* How to complete this task: The answer should contain only the lines from the beginning of the entries through the line that holds "Symmetric Half-controlled converter : Subsystem", given again exactly, with no pictures.

* Stored records:
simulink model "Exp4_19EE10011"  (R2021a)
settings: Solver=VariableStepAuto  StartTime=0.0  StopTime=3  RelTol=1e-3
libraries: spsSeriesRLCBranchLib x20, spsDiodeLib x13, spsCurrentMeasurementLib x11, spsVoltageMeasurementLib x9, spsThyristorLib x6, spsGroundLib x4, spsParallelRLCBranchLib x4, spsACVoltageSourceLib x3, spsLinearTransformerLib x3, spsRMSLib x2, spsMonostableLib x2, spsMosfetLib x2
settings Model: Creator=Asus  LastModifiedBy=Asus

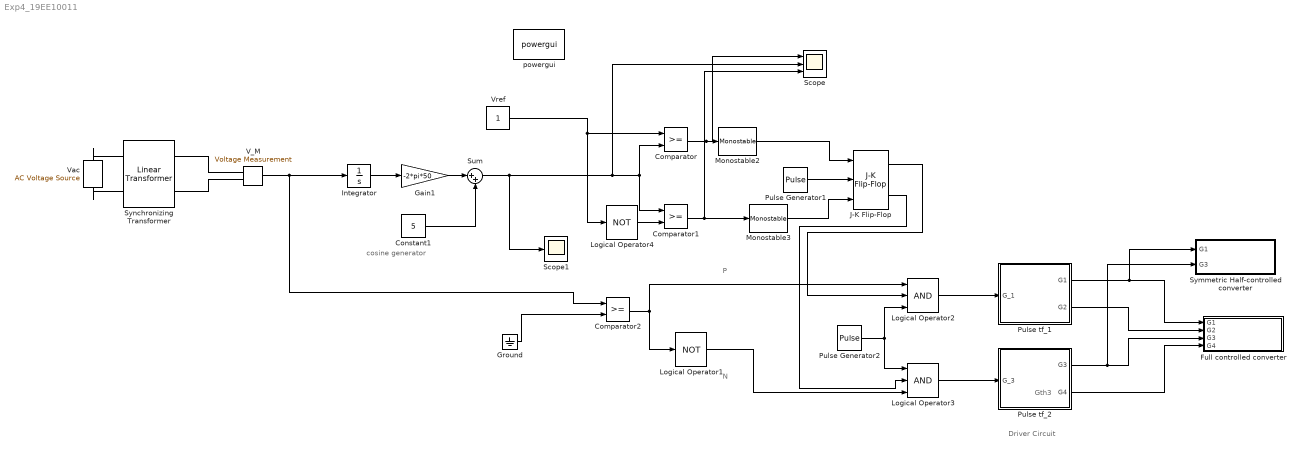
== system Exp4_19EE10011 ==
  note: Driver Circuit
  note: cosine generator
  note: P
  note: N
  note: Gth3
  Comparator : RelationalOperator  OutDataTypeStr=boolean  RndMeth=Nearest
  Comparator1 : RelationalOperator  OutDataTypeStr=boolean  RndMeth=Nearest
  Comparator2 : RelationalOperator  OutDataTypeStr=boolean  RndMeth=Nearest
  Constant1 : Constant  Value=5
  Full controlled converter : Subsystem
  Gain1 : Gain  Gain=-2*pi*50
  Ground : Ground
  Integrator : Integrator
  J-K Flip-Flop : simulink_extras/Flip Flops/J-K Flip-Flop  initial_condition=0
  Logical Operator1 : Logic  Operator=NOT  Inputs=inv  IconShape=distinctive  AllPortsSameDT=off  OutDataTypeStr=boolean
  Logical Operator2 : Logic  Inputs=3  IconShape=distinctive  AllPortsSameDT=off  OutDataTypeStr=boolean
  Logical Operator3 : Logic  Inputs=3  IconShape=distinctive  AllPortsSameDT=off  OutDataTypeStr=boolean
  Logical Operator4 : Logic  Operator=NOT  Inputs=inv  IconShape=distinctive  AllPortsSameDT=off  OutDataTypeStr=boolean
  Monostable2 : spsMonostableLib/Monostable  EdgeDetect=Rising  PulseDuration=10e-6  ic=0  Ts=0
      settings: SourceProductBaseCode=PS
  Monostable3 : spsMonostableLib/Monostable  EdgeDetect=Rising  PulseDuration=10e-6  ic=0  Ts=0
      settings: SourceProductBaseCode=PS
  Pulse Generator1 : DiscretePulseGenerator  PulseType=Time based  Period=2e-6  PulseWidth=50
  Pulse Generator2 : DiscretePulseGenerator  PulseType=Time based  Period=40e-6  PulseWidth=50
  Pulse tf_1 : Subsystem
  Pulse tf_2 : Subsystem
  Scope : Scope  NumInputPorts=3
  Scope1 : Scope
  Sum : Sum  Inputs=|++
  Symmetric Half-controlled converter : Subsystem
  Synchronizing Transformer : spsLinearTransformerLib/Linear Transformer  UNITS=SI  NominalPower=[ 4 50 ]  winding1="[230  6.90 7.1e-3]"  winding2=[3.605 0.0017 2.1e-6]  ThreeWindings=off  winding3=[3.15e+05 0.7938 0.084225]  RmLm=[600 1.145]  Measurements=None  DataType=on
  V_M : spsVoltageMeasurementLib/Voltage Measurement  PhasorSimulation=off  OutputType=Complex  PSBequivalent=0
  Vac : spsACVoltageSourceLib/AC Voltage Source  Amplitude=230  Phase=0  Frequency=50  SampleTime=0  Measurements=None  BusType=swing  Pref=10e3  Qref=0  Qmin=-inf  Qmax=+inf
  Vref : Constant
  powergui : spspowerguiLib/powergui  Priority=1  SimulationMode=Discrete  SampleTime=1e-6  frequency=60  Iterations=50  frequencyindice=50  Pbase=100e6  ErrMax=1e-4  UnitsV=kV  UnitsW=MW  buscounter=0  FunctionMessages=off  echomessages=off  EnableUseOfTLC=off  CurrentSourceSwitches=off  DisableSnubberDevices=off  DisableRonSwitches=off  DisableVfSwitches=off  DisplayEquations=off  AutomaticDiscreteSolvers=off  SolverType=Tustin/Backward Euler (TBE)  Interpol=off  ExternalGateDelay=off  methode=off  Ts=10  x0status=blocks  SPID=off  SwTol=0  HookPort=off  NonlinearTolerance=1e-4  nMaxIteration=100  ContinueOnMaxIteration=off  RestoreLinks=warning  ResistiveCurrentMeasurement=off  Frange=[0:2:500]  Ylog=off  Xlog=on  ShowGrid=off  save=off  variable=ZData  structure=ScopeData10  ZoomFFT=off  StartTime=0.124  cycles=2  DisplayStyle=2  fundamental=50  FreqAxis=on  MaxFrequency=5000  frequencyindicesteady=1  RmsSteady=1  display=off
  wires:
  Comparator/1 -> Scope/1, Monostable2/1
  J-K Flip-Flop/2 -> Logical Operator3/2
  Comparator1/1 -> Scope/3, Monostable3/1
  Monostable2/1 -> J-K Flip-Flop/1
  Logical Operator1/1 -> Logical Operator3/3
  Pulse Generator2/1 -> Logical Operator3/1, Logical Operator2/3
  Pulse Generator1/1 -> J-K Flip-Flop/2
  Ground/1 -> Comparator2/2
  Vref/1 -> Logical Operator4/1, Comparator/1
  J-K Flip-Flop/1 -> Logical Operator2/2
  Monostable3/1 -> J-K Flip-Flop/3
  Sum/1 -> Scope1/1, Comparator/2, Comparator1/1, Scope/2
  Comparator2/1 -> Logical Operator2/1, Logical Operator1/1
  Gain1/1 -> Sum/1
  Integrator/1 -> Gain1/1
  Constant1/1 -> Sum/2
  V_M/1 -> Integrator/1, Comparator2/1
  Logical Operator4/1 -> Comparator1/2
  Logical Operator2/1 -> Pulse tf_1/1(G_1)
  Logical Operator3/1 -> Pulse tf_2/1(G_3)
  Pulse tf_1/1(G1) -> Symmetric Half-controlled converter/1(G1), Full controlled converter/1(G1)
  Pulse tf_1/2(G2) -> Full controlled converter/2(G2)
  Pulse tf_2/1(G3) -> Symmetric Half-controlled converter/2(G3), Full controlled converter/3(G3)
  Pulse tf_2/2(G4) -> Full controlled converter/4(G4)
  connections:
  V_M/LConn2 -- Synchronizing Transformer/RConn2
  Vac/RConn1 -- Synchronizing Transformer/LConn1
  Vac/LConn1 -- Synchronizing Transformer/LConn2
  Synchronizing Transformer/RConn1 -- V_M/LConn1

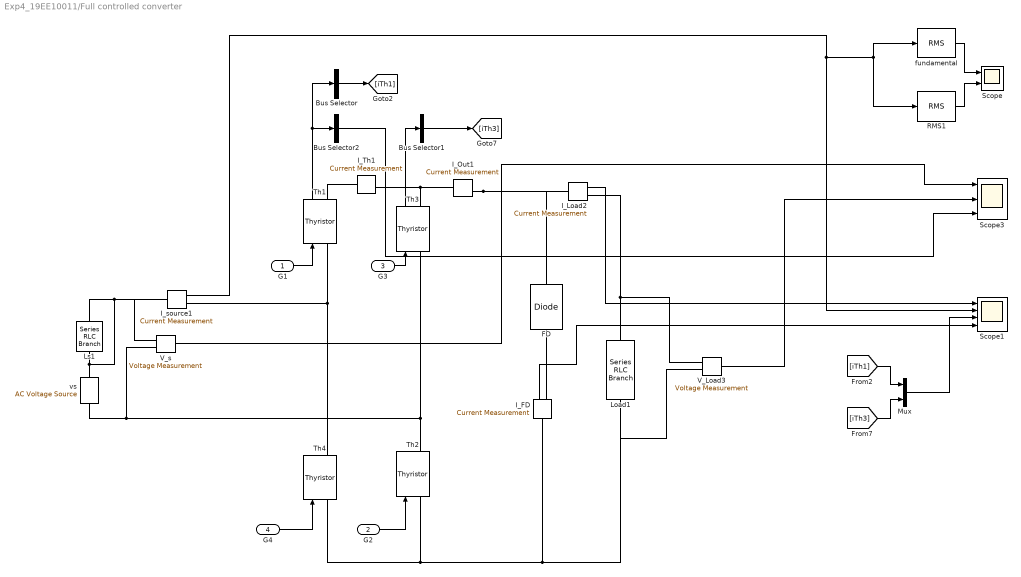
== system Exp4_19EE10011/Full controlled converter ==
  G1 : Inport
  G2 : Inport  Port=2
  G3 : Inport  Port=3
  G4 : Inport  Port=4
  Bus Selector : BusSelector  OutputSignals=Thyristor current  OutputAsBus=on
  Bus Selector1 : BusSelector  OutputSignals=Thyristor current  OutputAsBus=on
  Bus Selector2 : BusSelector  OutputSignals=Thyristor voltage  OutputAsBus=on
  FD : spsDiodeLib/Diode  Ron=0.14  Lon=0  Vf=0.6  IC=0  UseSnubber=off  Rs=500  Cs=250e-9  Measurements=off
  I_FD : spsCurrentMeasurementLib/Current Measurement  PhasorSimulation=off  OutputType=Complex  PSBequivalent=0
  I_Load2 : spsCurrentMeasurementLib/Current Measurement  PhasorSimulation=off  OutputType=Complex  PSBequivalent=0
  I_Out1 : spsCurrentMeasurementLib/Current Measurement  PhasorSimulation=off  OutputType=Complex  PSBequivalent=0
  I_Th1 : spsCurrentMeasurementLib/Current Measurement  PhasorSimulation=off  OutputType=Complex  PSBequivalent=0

* Solution to this task:
simulink model "Exp4_19EE10011"  (R2021a)
settings: Solver=VariableStepAuto  StartTime=0.0  StopTime=3  RelTol=1e-3
libraries: spsSeriesRLCBranchLib x20, spsDiodeLib x13, spsCurrentMeasurementLib x11, spsVoltageMeasurementLib x9, spsThyristorLib x6, spsGroundLib x4, spsParallelRLCBranchLib x4, spsACVoltageSourceLib x3, spsLinearTransformerLib x3, spsRMSLib x2, spsMonostableLib x2, spsMosfetLib x2
settings Model: Creator=Asus  LastModifiedBy=Asus

== system Exp4_19EE10011 ==
  note: Driver Circuit
  note: cosine generator
  note: P
  note: N
  note: Gth3
  Comparator : RelationalOperator  OutDataTypeStr=boolean  RndMeth=Nearest
  Comparator1 : RelationalOperator  OutDataTypeStr=boolean  RndMeth=Nearest
  Comparator2 : RelationalOperator  OutDataTypeStr=boolean  RndMeth=Nearest
  Constant1 : Constant  Value=5
  Full controlled converter : Subsystem
  Gain1 : Gain  Gain=-2*pi*50
  Ground : Ground
  Integrator : Integrator
  J-K Flip-Flop : simulink_extras/Flip Flops/J-K Flip-Flop  initial_condition=0
  Logical Operator1 : Logic  Operator=NOT  Inputs=inv  IconShape=distinctive  AllPortsSameDT=off  OutDataTypeStr=boolean
  Logical Operator2 : Logic  Inputs=3  IconShape=distinctive  AllPortsSameDT=off  OutDataTypeStr=boolean
  Logical Operator3 : Logic  Inputs=3  IconShape=distinctive  AllPortsSameDT=off  OutDataTypeStr=boolean
  Logical Operator4 : Logic  Operator=NOT  Inputs=inv  IconShape=distinctive  AllPortsSameDT=off  OutDataTypeStr=boolean
  Monostable2 : spsMonostableLib/Monostable  EdgeDetect=Rising  PulseDuration=10e-6  ic=0  Ts=0
      settings: SourceProductBaseCode=PS
  Monostable3 : spsMonostableLib/Monostable  EdgeDetect=Rising  PulseDuration=10e-6  ic=0  Ts=0
      settings: SourceProductBaseCode=PS
  Pulse Generator1 : DiscretePulseGenerator  PulseType=Time based  Period=2e-6  PulseWidth=50
  Pulse Generator2 : DiscretePulseGenerator  PulseType=Time based  Period=40e-6  PulseWidth=50
  Pulse tf_1 : Subsystem
  Pulse tf_2 : Subsystem
  Scope : Scope  NumInputPorts=3
  Scope1 : Scope
  Sum : Sum  Inputs=|++
  Symmetric Half-controlled converter : Subsystem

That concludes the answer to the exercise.